### Your instructions
Report only the number of lines below in which the string "ezdxf" appears.

Data for this task START

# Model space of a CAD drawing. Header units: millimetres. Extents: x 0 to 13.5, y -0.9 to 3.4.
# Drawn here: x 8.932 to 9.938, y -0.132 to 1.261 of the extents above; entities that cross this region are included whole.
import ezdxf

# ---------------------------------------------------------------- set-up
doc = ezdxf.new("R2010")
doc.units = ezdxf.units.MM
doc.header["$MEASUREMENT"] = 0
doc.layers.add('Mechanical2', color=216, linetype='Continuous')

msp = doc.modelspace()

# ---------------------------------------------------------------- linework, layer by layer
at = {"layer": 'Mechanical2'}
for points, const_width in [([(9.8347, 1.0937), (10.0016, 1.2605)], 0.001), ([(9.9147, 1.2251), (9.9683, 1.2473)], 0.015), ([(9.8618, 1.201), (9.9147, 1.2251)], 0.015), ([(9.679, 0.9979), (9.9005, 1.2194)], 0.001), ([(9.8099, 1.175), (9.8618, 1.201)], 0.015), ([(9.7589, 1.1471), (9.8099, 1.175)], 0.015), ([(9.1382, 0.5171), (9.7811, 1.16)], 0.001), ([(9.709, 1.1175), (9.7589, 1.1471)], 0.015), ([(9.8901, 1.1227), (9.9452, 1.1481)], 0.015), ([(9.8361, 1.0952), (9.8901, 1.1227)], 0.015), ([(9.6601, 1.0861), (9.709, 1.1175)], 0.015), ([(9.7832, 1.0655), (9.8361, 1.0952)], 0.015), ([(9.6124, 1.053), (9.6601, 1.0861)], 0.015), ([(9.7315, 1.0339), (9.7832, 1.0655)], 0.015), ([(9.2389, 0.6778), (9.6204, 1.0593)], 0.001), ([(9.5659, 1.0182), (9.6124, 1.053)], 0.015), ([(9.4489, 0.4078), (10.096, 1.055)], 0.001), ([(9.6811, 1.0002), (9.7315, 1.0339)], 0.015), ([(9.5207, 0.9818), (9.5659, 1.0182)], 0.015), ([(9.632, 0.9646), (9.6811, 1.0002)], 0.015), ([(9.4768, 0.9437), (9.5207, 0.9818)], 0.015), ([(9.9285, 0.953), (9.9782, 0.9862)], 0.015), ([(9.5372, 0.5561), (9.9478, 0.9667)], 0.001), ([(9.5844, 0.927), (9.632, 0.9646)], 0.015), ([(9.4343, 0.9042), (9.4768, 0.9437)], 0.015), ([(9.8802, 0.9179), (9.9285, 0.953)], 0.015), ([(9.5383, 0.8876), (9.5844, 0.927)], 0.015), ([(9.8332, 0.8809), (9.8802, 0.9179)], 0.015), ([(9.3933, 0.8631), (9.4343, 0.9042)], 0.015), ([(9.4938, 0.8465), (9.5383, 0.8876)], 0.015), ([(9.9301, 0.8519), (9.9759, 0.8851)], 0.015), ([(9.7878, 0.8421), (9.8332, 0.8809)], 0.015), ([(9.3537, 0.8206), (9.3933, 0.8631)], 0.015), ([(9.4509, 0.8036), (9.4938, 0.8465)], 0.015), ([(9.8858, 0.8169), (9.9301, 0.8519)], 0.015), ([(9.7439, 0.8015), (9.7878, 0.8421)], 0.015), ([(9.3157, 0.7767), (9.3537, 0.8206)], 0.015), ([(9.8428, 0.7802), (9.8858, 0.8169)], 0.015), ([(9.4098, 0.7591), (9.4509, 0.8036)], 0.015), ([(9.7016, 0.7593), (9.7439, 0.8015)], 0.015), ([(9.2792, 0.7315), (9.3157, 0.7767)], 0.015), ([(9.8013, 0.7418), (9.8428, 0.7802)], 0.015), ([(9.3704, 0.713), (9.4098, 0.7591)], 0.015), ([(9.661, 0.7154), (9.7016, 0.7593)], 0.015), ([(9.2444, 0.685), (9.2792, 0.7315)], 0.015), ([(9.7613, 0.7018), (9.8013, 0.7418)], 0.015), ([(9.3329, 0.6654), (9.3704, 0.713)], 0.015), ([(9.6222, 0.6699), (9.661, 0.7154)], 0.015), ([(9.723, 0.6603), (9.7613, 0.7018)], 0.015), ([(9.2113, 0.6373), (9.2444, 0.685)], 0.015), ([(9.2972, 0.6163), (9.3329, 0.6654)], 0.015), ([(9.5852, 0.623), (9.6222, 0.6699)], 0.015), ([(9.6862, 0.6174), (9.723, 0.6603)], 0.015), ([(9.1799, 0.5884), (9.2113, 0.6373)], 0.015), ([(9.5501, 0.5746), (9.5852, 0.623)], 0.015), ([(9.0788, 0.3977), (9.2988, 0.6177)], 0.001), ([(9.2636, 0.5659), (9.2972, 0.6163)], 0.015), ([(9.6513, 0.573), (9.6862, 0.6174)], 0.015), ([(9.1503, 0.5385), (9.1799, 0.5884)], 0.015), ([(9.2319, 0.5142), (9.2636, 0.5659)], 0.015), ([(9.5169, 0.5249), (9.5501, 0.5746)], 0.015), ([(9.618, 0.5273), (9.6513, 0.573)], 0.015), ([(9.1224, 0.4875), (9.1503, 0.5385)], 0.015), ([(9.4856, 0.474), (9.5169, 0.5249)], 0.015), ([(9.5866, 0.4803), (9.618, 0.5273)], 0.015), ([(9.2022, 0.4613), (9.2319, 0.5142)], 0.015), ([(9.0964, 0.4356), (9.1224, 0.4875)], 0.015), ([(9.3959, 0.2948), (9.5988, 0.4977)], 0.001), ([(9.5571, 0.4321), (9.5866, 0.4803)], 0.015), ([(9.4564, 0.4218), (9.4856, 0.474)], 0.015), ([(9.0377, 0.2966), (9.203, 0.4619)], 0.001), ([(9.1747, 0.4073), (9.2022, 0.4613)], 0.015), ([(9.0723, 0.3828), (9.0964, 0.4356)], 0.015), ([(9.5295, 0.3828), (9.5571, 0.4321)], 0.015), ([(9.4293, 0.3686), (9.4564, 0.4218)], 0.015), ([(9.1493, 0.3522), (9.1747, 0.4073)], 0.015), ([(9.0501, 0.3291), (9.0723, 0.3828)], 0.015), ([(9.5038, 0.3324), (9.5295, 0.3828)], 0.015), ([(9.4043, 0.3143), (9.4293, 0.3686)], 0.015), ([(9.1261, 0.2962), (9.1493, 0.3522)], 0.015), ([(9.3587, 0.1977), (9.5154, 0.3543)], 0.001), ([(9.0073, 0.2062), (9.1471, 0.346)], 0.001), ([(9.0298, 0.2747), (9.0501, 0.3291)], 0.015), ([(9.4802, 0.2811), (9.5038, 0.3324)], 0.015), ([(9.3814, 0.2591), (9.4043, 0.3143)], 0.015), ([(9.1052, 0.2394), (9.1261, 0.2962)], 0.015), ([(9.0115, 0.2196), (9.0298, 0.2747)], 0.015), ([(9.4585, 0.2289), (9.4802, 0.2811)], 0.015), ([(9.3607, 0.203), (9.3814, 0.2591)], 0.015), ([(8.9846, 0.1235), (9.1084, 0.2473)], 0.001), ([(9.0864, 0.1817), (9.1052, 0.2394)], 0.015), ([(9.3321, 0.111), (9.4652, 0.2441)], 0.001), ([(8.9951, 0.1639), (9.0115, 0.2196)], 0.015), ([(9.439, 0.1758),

Data for this task END

### Answer box
3